▸ Exercise aim:
The answer must consist of every line from the data that holds the string "DIRECTION".

▸ Records for this exercise:
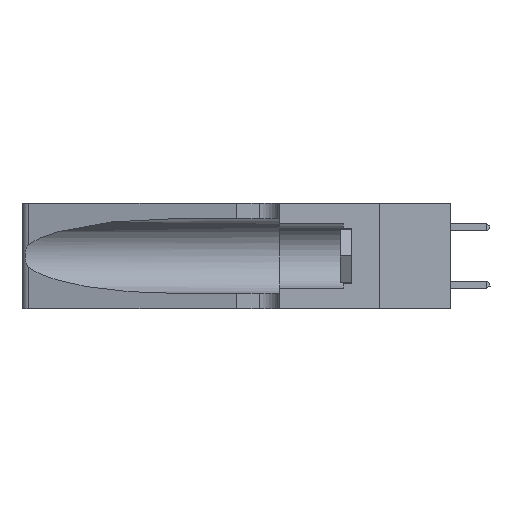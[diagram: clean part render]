
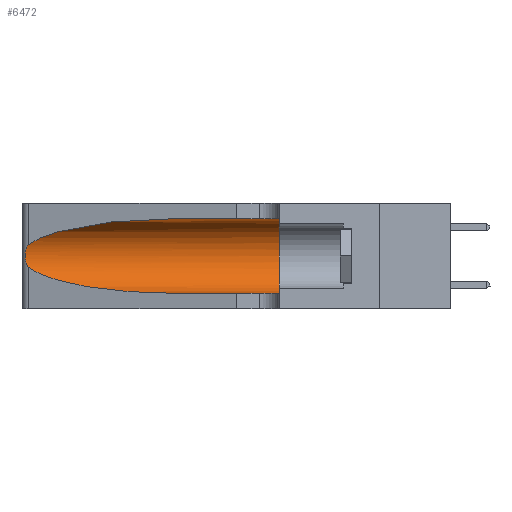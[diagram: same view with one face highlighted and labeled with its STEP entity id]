
A CAD part, left-side view. The second image highlights one B-rep face of the part: STEP entity #6472.
In plain terms, the highlighted cylindrical face has radius 3.308 mm (diameter 6.617 mm), a partial arc.
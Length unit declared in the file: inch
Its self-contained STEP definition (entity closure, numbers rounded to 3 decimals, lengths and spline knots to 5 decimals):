
#221 = EDGE_CURVE ( 'NONE', #16444, #10933, #26509, .T. ) ;
#265 = ORIENTED_EDGE ( 'NONE', *, *, #11401, .F. ) ;
#519 = CARTESIAN_POINT ( 'NONE',  ( 0.1305, 0.35, 0.05475 ) ) ;
#2894 = CARTESIAN_POINT ( 'NONE',  ( 0.25854, 1.2359, 0.20912 ) ) ;
#2937 = CARTESIAN_POINT ( 'NONE',  ( 0.1305, 0.35, 0.185 ) ) ;
#4631 = CARTESIAN_POINT ( 'NONE',  ( 0.18966, 0.96281, 0.31525 ) ) ;
#6329 = CARTESIAN_POINT ( 'NONE',  ( 0.26075, 1.23896, 0.19203 ) ) ;
#6371 = DIRECTION ( 'NONE',  ( 0., 0., 1. ) ) ;
#6472 = ADVANCED_FACE ( 'NONE', ( #43042 ), #33068, .F. ) ;
#7314 = EDGE_CURVE ( 'NONE', #38687, #10933, #20360, .T. ) ;
#7990 = CARTESIAN_POINT ( 'NONE',  ( 0.25487, 1.22718, 0.22369 ) ) ;
#9660 = CARTESIAN_POINT ( 'NONE',  ( 0.26017, 1.23833, 0.17102 ) ) ;
#10206 = CARTESIAN_POINT ( 'NONE',  ( 0.1305, 0.35, 0.31525 ) ) ;
#10419 = CARTESIAN_POINT ( 'NONE',  ( 0.25487, 1.22718, 0.14631 ) ) ;
#10816 = AXIS2_PLACEMENT_3D ( 'NONE', #2937, #26524, #6371 ) ;
#10933 = VERTEX_POINT ( 'NONE', #519 ) ;
#11225 = CARTESIAN_POINT ( 'NONE',  ( 0.1305, 0.72297, 0.31525 ) ) ;
#11401 = EDGE_CURVE ( 'NONE', #40674, #38687, #18494, .T. ) ;
#12108 = ORIENTED_EDGE ( 'NONE', *, *, #7314, .F. ) ;
#13081 = CARTESIAN_POINT ( 'NONE',  ( 0.25789, 1.23486, 0.15765 ) ) ;
#13102 = CARTESIAN_POINT ( 'NONE',  ( 0.1305, 1.61858, 0.31525 ) ) ;
#13981 = CARTESIAN_POINT ( 'NONE',  ( 0.1305, 0.72297, 0.05475 ) ) ;
#15658 = ORIENTED_EDGE ( 'NONE', *, *, #25635, .T. ) ;
#16352 = CARTESIAN_POINT ( 'NONE',  ( 0.25487, 1.22718, 0.22369 ) ) ;
#16375 =( BOUNDED_CURVE ( )  B_SPLINE_CURVE ( 3, ( #11225, #4631, #28152, #7990 ),
 .UNSPECIFIED., .F., .F. ) 
 B_SPLINE_CURVE_WITH_KNOTS ( ( 4, 4 ),
 ( 1.5708, 2.84003 ),
 .UNSPECIFIED. ) 
 CURVE ( )  GEOMETRIC_REPRESENTATION_ITEM ( )  RATIONAL_B_SPLINE_CURVE ( ( 1., 0.87, 0.87, 1. ) ) 
 REPRESENTATION_ITEM ( '' )  );
#16444 = VERTEX_POINT ( 'NONE', #17047 ) ;
#16493 = CARTESIAN_POINT ( 'NONE',  ( 0.25555, 1.22993, 0.14849 ) ) ;
#16508 = DIRECTION ( 'NONE',  ( 0., -1., 0. ) ) ;
#17047 = CARTESIAN_POINT ( 'NONE',  ( 0.1305, 0.72297, 0.05475 ) ) ;
#17536 = EDGE_LOOP ( 'NONE', ( #15658, #25547, #40028, #30689, #12108, #265 ) ) ;
#17573 = VECTOR ( 'NONE', #28910, 39.37008 ) ;
#18494 = LINE ( 'NONE', #13102, #35229 ) ;
#18981 = DIRECTION ( 'NONE',  ( 0., -1., 0. ) ) ;
#20360 = CIRCLE ( 'NONE', #10816, 0.13025 ) ;
#20500 = VERTEX_POINT ( 'NONE', #38957 ) ;
#20935 =( BOUNDED_CURVE ( )  B_SPLINE_CURVE ( 3, ( #10419, #40645, #34062, #13981 ),
 .UNSPECIFIED., .F., .F. ) 
 B_SPLINE_CURVE_WITH_KNOTS ( ( 4, 4 ),
 ( 3.44316, 4.71239 ),
 .UNSPECIFIED. ) 
 CURVE ( )  GEOMETRIC_REPRESENTATION_ITEM ( )  RATIONAL_B_SPLINE_CURVE ( ( 1., 0.87, 0.87, 1. ) ) 
 REPRESENTATION_ITEM ( '' )  );
#22249 = EDGE_CURVE ( 'NONE', #20500, #32224, #31950, .T. ) ;
#23078 = CARTESIAN_POINT ( 'NONE',  ( 0.25787, 1.23484, 0.2124 ) ) ;
#24754 = CARTESIAN_POINT ( 'NONE',  ( 0.1305, 0.72297, 0.31525 ) ) ;
#25547 = ORIENTED_EDGE ( 'NONE', *, *, #22249, .T. ) ;
#25562 = CARTESIAN_POINT ( 'NONE',  ( 0.1305, 1.61858, 0.05475 ) ) ;
#25635 = EDGE_CURVE ( 'NONE', #40674, #20500, #16375, .T. ) ;
#26478 = CARTESIAN_POINT ( 'NONE',  ( 0.26018, 1.23835, 0.19895 ) ) ;
#26509 = LINE ( 'NONE', #25562, #17573 ) ;
#26524 = DIRECTION ( 'NONE',  ( 0., 1., 0. ) ) ;
#28152 = CARTESIAN_POINT ( 'NONE',  ( 0.2373, 1.15595, 0.28018 ) ) ;
#28910 = DIRECTION ( 'NONE',  ( 0., -1., 0. ) ) ;
#28920 = CARTESIAN_POINT ( 'NONE',  ( 0.1305, 1.61858, 0.185 ) ) ;
#29815 = CARTESIAN_POINT ( 'NONE',  ( 0.26075, 1.23896, 0.178 ) ) ;
#30689 = ORIENTED_EDGE ( 'NONE', *, *, #221, .T. ) ;
#31950 = B_SPLINE_CURVE_WITH_KNOTS ( 'NONE', 3,
 ( #16352, #39757, #43159, #23078, #2894, #26478, #6329, #29815, #9660, #33183, #13081, #36536, #16493, #39908 ),
 .UNSPECIFIED., .F., .F.,
 ( 4, 2, 2, 2, 2, 2, 4 ),
 ( 0., 0.00027, 0.00053, 0.00107, 0.0016, 0.00187, 0.00214 ),
 .UNSPECIFIED. ) ;
#32224 = VERTEX_POINT ( 'NONE', #39848 ) ;
#33068 = CYLINDRICAL_SURFACE ( 'NONE', #42613, 0.13025 ) ;
#33183 = CARTESIAN_POINT ( 'NONE',  ( 0.25856, 1.23593, 0.16098 ) ) ;
#34062 = CARTESIAN_POINT ( 'NONE',  ( 0.18966, 0.96281, 0.05475 ) ) ;
#35229 = VECTOR ( 'NONE', #16508, 39.37008 ) ;
#36536 = CARTESIAN_POINT ( 'NONE',  ( 0.25639, 1.23186, 0.15144 ) ) ;
#38687 = VERTEX_POINT ( 'NONE', #10206 ) ;
#38957 = CARTESIAN_POINT ( 'NONE',  ( 0.25487, 1.22718, 0.22369 ) ) ;
#39757 = CARTESIAN_POINT ( 'NONE',  ( 0.25555, 1.22994, 0.2215 ) ) ;
#39848 = CARTESIAN_POINT ( 'NONE',  ( 0.25487, 1.22718, 0.14631 ) ) ;
#39908 = CARTESIAN_POINT ( 'NONE',  ( 0.25487, 1.22718, 0.14631 ) ) ;
#40028 = ORIENTED_EDGE ( 'NONE', *, *, #41166, .T. ) ;
#40645 = CARTESIAN_POINT ( 'NONE',  ( 0.2373, 1.15595, 0.08982 ) ) ;
#40674 = VERTEX_POINT ( 'NONE', #24754 ) ;
#41166 = EDGE_CURVE ( 'NONE', #32224, #16444, #20935, .T. ) ;
#42399 = DIRECTION ( 'NONE',  ( 0., 0., -1. ) ) ;
#42613 = AXIS2_PLACEMENT_3D ( 'NONE', #28920, #18981, #42399 ) ;
#43042 = FACE_OUTER_BOUND ( 'NONE', #17536, .T. ) ;
#43159 = CARTESIAN_POINT ( 'NONE',  ( 0.25639, 1.23184, 0.21858 ) ) ;

▸ Your response:
#6371 = DIRECTION ( 'NONE',  ( 0., 0., 1. ) ) ;
#16508 = DIRECTION ( 'NONE',  ( 0., -1., 0. ) ) ;
#18981 = DIRECTION ( 'NONE',  ( 0., -1., 0. ) ) ;
#26524 = DIRECTION ( 'NONE',  ( 0., 1., 0. ) ) ;
#28910 = DIRECTION ( 'NONE',  ( 0., -1., 0. ) ) ;
#42399 = DIRECTION ( 'NONE',  ( 0., 0., -1. ) ) ;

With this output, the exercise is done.